### Recorded information
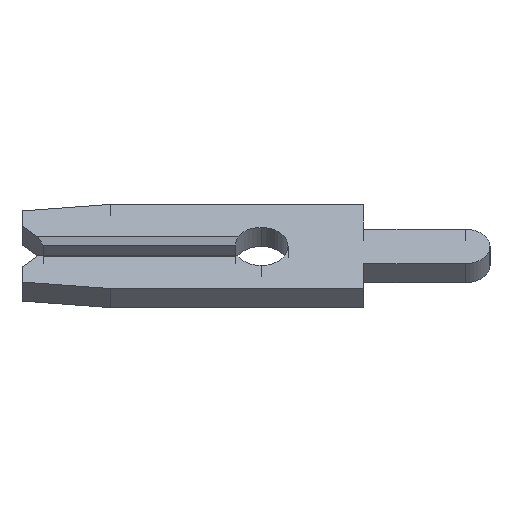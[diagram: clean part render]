
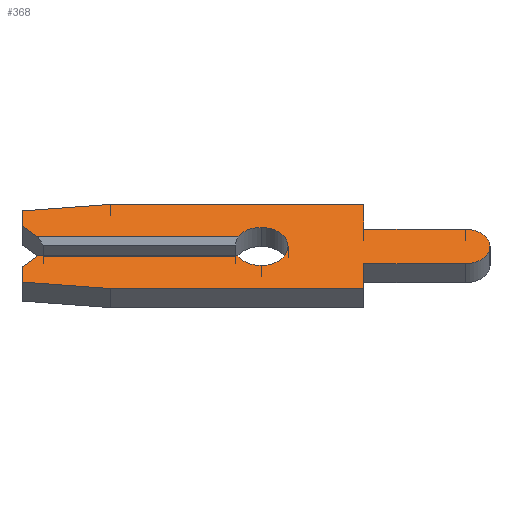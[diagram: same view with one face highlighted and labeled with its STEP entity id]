
A CAD part, left-side view. The second image highlights one B-rep face of the part: STEP entity #368.
In plain terms, the highlighted face is planar.
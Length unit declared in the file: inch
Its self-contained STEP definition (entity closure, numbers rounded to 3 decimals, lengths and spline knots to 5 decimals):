
#2 = CARTESIAN_POINT ( 'NONE',  ( -0.013, 0.146, 0.0575 ) ) ;
#10 = CARTESIAN_POINT ( 'NONE',  ( -0.013, 0.231, 0.04857 ) ) ;
#18 = EDGE_LOOP ( 'NONE', ( #1340, #767, #1550, #984, #1376, #443, #37, #1222, #20, #1786, #242, #1684, #720, #1741, #199, #485, #1722, #832 ) ) ;
#20 = ORIENTED_EDGE ( 'NONE', *, *, #1326, .F. ) ;
#26 = CARTESIAN_POINT ( 'NONE',  ( -0.013, 0.231, -0.028 ) ) ;
#32 = CARTESIAN_POINT ( 'NONE',  ( -0.013, -0.099, -0.0235 ) ) ;
#37 = ORIENTED_EDGE ( 'NONE', *, *, #1500, .F. ) ;
#48 = DIRECTION ( 'NONE',  ( 0., -0.707, 0.707 ) ) ;
#53 = VERTEX_POINT ( 'NONE', #873 ) ;
#68 = VERTEX_POINT ( 'NONE', #572 ) ;
#73 = CARTESIAN_POINT ( 'NONE',  ( -0.013, 0., 0. ) ) ;
#89 = LINE ( 'NONE', #1432, #131 ) ;
#113 = VECTOR ( 'NONE', #155, 39.37008 ) ;
#125 = CARTESIAN_POINT ( 'NONE',  ( -0.013, 0., 0. ) ) ;
#128 = VECTOR ( 'NONE', #364, 39.37008 ) ;
#131 = VECTOR ( 'NONE', #985, 39.37008 ) ;
#155 = DIRECTION ( 'NONE',  ( 0., 1., 0. ) ) ;
#157 = LINE ( 'NONE', #1760, #1220 ) ;
#172 = LINE ( 'NONE', #1661, #961 ) ;
#189 = CARTESIAN_POINT ( 'NONE',  ( -0.013, 0.231, 0.028 ) ) ;
#199 = ORIENTED_EDGE ( 'NONE', *, *, #511, .F. ) ;
#208 = CARTESIAN_POINT ( 'NONE',  ( -0.013, -0.1975, 0.0235 ) ) ;
#210 = LINE ( 'NONE', #1828, #128 ) ;
#219 = EDGE_CURVE ( 'NONE', #409, #1634, #1174, .T. ) ;
#242 = ORIENTED_EDGE ( 'NONE', *, *, #439, .F. ) ;
#244 = CARTESIAN_POINT ( 'NONE',  ( -0.013, 0., -0.013 ) ) ;
#251 = CARTESIAN_POINT ( 'NONE',  ( -0.013, 0.231, -0.04857 ) ) ;
#287 = DIRECTION ( 'NONE',  ( 1., 0., 0. ) ) ;
#289 = EDGE_CURVE ( 'NONE', #1634, #1059, #460, .T. ) ;
#306 = CARTESIAN_POINT ( 'NONE',  ( -0.013, -0.099, -0.0235 ) ) ;
#310 = LINE ( 'NONE', #558, #716 ) ;
#317 = VERTEX_POINT ( 'NONE', #2 ) ;
#335 = DIRECTION ( 'NONE',  ( 0., 0., 1. ) ) ;
#340 = VERTEX_POINT ( 'NONE', #26 ) ;
#360 = EDGE_CURVE ( 'NONE', #1606, #1805, #530, .T. ) ;
#364 = DIRECTION ( 'NONE',  ( 0., 0.995, 0.105 ) ) ;
#368 = ADVANCED_FACE ( 'NONE', ( #1339 ), #446, .F. ) ;
#402 = EDGE_CURVE ( 'NONE', #1128, #53, #157, .T. ) ;
#409 = VERTEX_POINT ( 'NONE', #1323 ) ;
#421 = DIRECTION ( 'NONE',  ( 0., 0., -1. ) ) ;
#431 = LINE ( 'NONE', #1037, #648 ) ;
#437 = DIRECTION ( 'NONE',  ( 0., 0., -1. ) ) ;
#439 = EDGE_CURVE ( 'NONE', #1059, #632, #1409, .T. ) ;
#443 = ORIENTED_EDGE ( 'NONE', *, *, #1373, .F. ) ;
#446 = PLANE ( 'NONE',  #1349 ) ;
#460 = CIRCLE ( 'NONE', #704, 0.0235 ) ;
#467 = CARTESIAN_POINT ( 'NONE',  ( -0.013, -0.1975, 0. ) ) ;
#485 = ORIENTED_EDGE ( 'NONE', *, *, #833, .F. ) ;
#511 = EDGE_CURVE ( 'NONE', #317, #902, #1295, .T. ) ;
#516 = CARTESIAN_POINT ( 'NONE',  ( -0.013, 0.216, -0.013 ) ) ;
#530 = CIRCLE ( 'NONE', #1192, 0.026 ) ;
#558 = CARTESIAN_POINT ( 'NONE',  ( -0.013, -0.099, -0.0575 ) ) ;
#572 = CARTESIAN_POINT ( 'NONE',  ( -0.013, 0.146, -0.0575 ) ) ;
#602 = DIRECTION ( 'NONE',  ( 0., 1., 0. ) ) ;
#609 = EDGE_CURVE ( 'NONE', #1524, #1366, #876, .T. ) ;
#610 = CARTESIAN_POINT ( 'NONE',  ( -0.013, 0., 0. ) ) ;
#614 = CARTESIAN_POINT ( 'NONE',  ( -0.013, 0.2105, -0.0075 ) ) ;
#616 = DIRECTION ( 'NONE',  ( 0., -1., 0. ) ) ;
#627 = VECTOR ( 'NONE', #1490, 39.37008 ) ;
#632 = VERTEX_POINT ( 'NONE', #32 ) ;
#638 = DIRECTION ( 'NONE',  ( 0., -1., 0. ) ) ;
#644 = CARTESIAN_POINT ( 'NONE',  ( -0.013, 0.2105, 0.0075 ) ) ;
#648 = VECTOR ( 'NONE', #602, 39.37008 ) ;
#652 = DIRECTION ( 'NONE',  ( 0., 0.707, 0.707 ) ) ;
#658 = CARTESIAN_POINT ( 'NONE',  ( -0.013, -0.099, -0.0575 ) ) ;
#694 = VECTOR ( 'NONE', #638, 39.37008 ) ;
#704 = AXIS2_PLACEMENT_3D ( 'NONE', #467, #1479, #749 ) ;
#713 = VECTOR ( 'NONE', #652, 39.37008 ) ;
#716 = VECTOR ( 'NONE', #437, 39.37008 ) ;
#720 = ORIENTED_EDGE ( 'NONE', *, *, #219, .F. ) ;
#749 = DIRECTION ( 'NONE',  ( 0., 0., 1. ) ) ;
#767 = ORIENTED_EDGE ( 'NONE', *, *, #1058, .F. ) ;
#823 = VECTOR ( 'NONE', #1145, 39.37008 ) ;
#832 = ORIENTED_EDGE ( 'NONE', *, *, #1526, .F. ) ;
#833 = EDGE_CURVE ( 'NONE', #1366, #317, #89, .T. ) ;
#873 = CARTESIAN_POINT ( 'NONE',  ( -0.013, 0.02252, 0.013 ) ) ;
#876 = LINE ( 'NONE', #1204, #1658 ) ;
#878 = VERTEX_POINT ( 'NONE', #658 ) ;
#902 = VERTEX_POINT ( 'NONE', #1822 ) ;
#945 = VECTOR ( 'NONE', #1265, 39.37008 ) ;
#961 = VECTOR ( 'NONE', #335, 39.37008 ) ;
#984 = ORIENTED_EDGE ( 'NONE', *, *, #1810, .F. ) ;
#985 = DIRECTION ( 'NONE',  ( 0., -0.995, 0.105 ) ) ;
#1037 = CARTESIAN_POINT ( 'NONE',  ( -0.013, 0.146, -0.0575 ) ) ;
#1058 = EDGE_CURVE ( 'NONE', #1805, #53, #1425, .T. ) ;
#1059 = VERTEX_POINT ( 'NONE', #1436 ) ;
#1062 = EDGE_CURVE ( 'NONE', #1102, #1382, #1655, .T. ) ;
#1063 = DIRECTION ( 'NONE',  ( 0., 0., 1. ) ) ;
#1084 = VERTEX_POINT ( 'NONE', #251 ) ;
#1096 = EDGE_CURVE ( 'NONE', #632, #878, #310, .T. ) ;
#1102 = VERTEX_POINT ( 'NONE', #516 ) ;
#1128 = VERTEX_POINT ( 'NONE', #1751 ) ;
#1145 = DIRECTION ( 'NONE',  ( 0., -1., 0. ) ) ;
#1174 = LINE ( 'NONE', #1341, #627 ) ;
#1175 = CARTESIAN_POINT ( 'NONE',  ( -0.013, 0., 0. ) ) ;
#1192 = AXIS2_PLACEMENT_3D ( 'NONE', #1175, #1483, #1198 ) ;
#1198 = DIRECTION ( 'NONE',  ( 0., 0., -1. ) ) ;
#1204 = CARTESIAN_POINT ( 'NONE',  ( -0.013, 0.231, 0.028 ) ) ;
#1212 = DIRECTION ( 'NONE',  ( -1., 0., 0. ) ) ;
#1215 = LINE ( 'NONE', #644, #713 ) ;
#1220 = VECTOR ( 'NONE', #616, 39.37008 ) ;
#1222 = ORIENTED_EDGE ( 'NONE', *, *, #1807, .F. ) ;
#1242 = CIRCLE ( 'NONE', #1657, 0.026 ) ;
#1248 = CARTESIAN_POINT ( 'NONE',  ( -0.013, 0., 0.026 ) ) ;
#1254 = DIRECTION ( 'NONE',  ( -1., 0., 0. ) ) ;
#1265 = DIRECTION ( 'NONE',  ( 0., 0., -1. ) ) ;
#1295 = LINE ( 'NONE', #1650, #694 ) ;
#1313 = VECTOR ( 'NONE', #48, 39.37008 ) ;
#1323 = CARTESIAN_POINT ( 'NONE',  ( -0.013, -0.099, 0.0235 ) ) ;
#1326 = EDGE_CURVE ( 'NONE', #878, #68, #431, .T. ) ;
#1338 = LINE ( 'NONE', #1403, #945 ) ;
#1339 = FACE_OUTER_BOUND ( 'NONE', #18, .T. ) ;
#1340 = ORIENTED_EDGE ( 'NONE', *, *, #402, .T. ) ;
#1341 = CARTESIAN_POINT ( 'NONE',  ( -0.013, -0.099, 0.0235 ) ) ;
#1349 = AXIS2_PLACEMENT_3D ( 'NONE', #610, #287, #1626 ) ;
#1366 = VERTEX_POINT ( 'NONE', #10 ) ;
#1368 = CARTESIAN_POINT ( 'NONE',  ( -0.013, 0., -0.026 ) ) ;
#1373 = EDGE_CURVE ( 'NONE', #340, #1102, #1757, .T. ) ;
#1376 = ORIENTED_EDGE ( 'NONE', *, *, #1062, .F. ) ;
#1379 = CARTESIAN_POINT ( 'NONE',  ( -0.013, 0.02252, -0.013 ) ) ;
#1382 = VERTEX_POINT ( 'NONE', #1379 ) ;
#1403 = CARTESIAN_POINT ( 'NONE',  ( -0.013, -0.099, 0.0575 ) ) ;
#1409 = LINE ( 'NONE', #306, #113 ) ;
#1425 = CIRCLE ( 'NONE', #1651, 0.026 ) ;
#1432 = CARTESIAN_POINT ( 'NONE',  ( -0.013, 0.231, 0.04857 ) ) ;
#1436 = CARTESIAN_POINT ( 'NONE',  ( -0.013, -0.1975, -0.0235 ) ) ;
#1479 = DIRECTION ( 'NONE',  ( 1., 0., 0. ) ) ;
#1483 = DIRECTION ( 'NONE',  ( -1., 0., 0. ) ) ;
#1490 = DIRECTION ( 'NONE',  ( 0., -1., 0. ) ) ;
#1500 = EDGE_CURVE ( 'NONE', #1084, #340, #172, .T. ) ;
#1524 = VERTEX_POINT ( 'NONE', #189 ) ;
#1526 = EDGE_CURVE ( 'NONE', #1128, #1524, #1215, .T. ) ;
#1545 = DIRECTION ( 'NONE',  ( 0., 0., -1. ) ) ;
#1550 = ORIENTED_EDGE ( 'NONE', *, *, #360, .F. ) ;
#1606 = VERTEX_POINT ( 'NONE', #1368 ) ;
#1626 = DIRECTION ( 'NONE',  ( 0., 0., -1. ) ) ;
#1634 = VERTEX_POINT ( 'NONE', #208 ) ;
#1650 = CARTESIAN_POINT ( 'NONE',  ( -0.013, 0.146, 0.0575 ) ) ;
#1651 = AXIS2_PLACEMENT_3D ( 'NONE', #125, #1212, #421 ) ;
#1655 = LINE ( 'NONE', #244, #823 ) ;
#1657 = AXIS2_PLACEMENT_3D ( 'NONE', #73, #1254, #1545 ) ;
#1658 = VECTOR ( 'NONE', #1063, 39.37008 ) ;
#1661 = CARTESIAN_POINT ( 'NONE',  ( -0.013, 0.231, -0.028 ) ) ;
#1662 = EDGE_CURVE ( 'NONE', #902, #409, #1338, .T. ) ;
#1684 = ORIENTED_EDGE ( 'NONE', *, *, #289, .F. ) ;
#1722 = ORIENTED_EDGE ( 'NONE', *, *, #609, .F. ) ;
#1741 = ORIENTED_EDGE ( 'NONE', *, *, #1662, .F. ) ;
#1751 = CARTESIAN_POINT ( 'NONE',  ( -0.013, 0.216, 0.013 ) ) ;
#1757 = LINE ( 'NONE', #614, #1313 ) ;
#1760 = CARTESIAN_POINT ( 'NONE',  ( -0.013, 0.231, 0.013 ) ) ;
#1786 = ORIENTED_EDGE ( 'NONE', *, *, #1096, .F. ) ;
#1805 = VERTEX_POINT ( 'NONE', #1248 ) ;
#1807 = EDGE_CURVE ( 'NONE', #68, #1084, #210, .T. ) ;
#1810 = EDGE_CURVE ( 'NONE', #1382, #1606, #1242, .T. ) ;
#1822 = CARTESIAN_POINT ( 'NONE',  ( -0.013, -0.099, 0.0575 ) ) ;
#1828 = CARTESIAN_POINT ( 'NONE',  ( -0.013, 0.231, -0.04857 ) ) ;

### The task
Look through the entries and work out how many lines have the word "CIRCLE" in them; reply with that number only.

### Solved exercise
4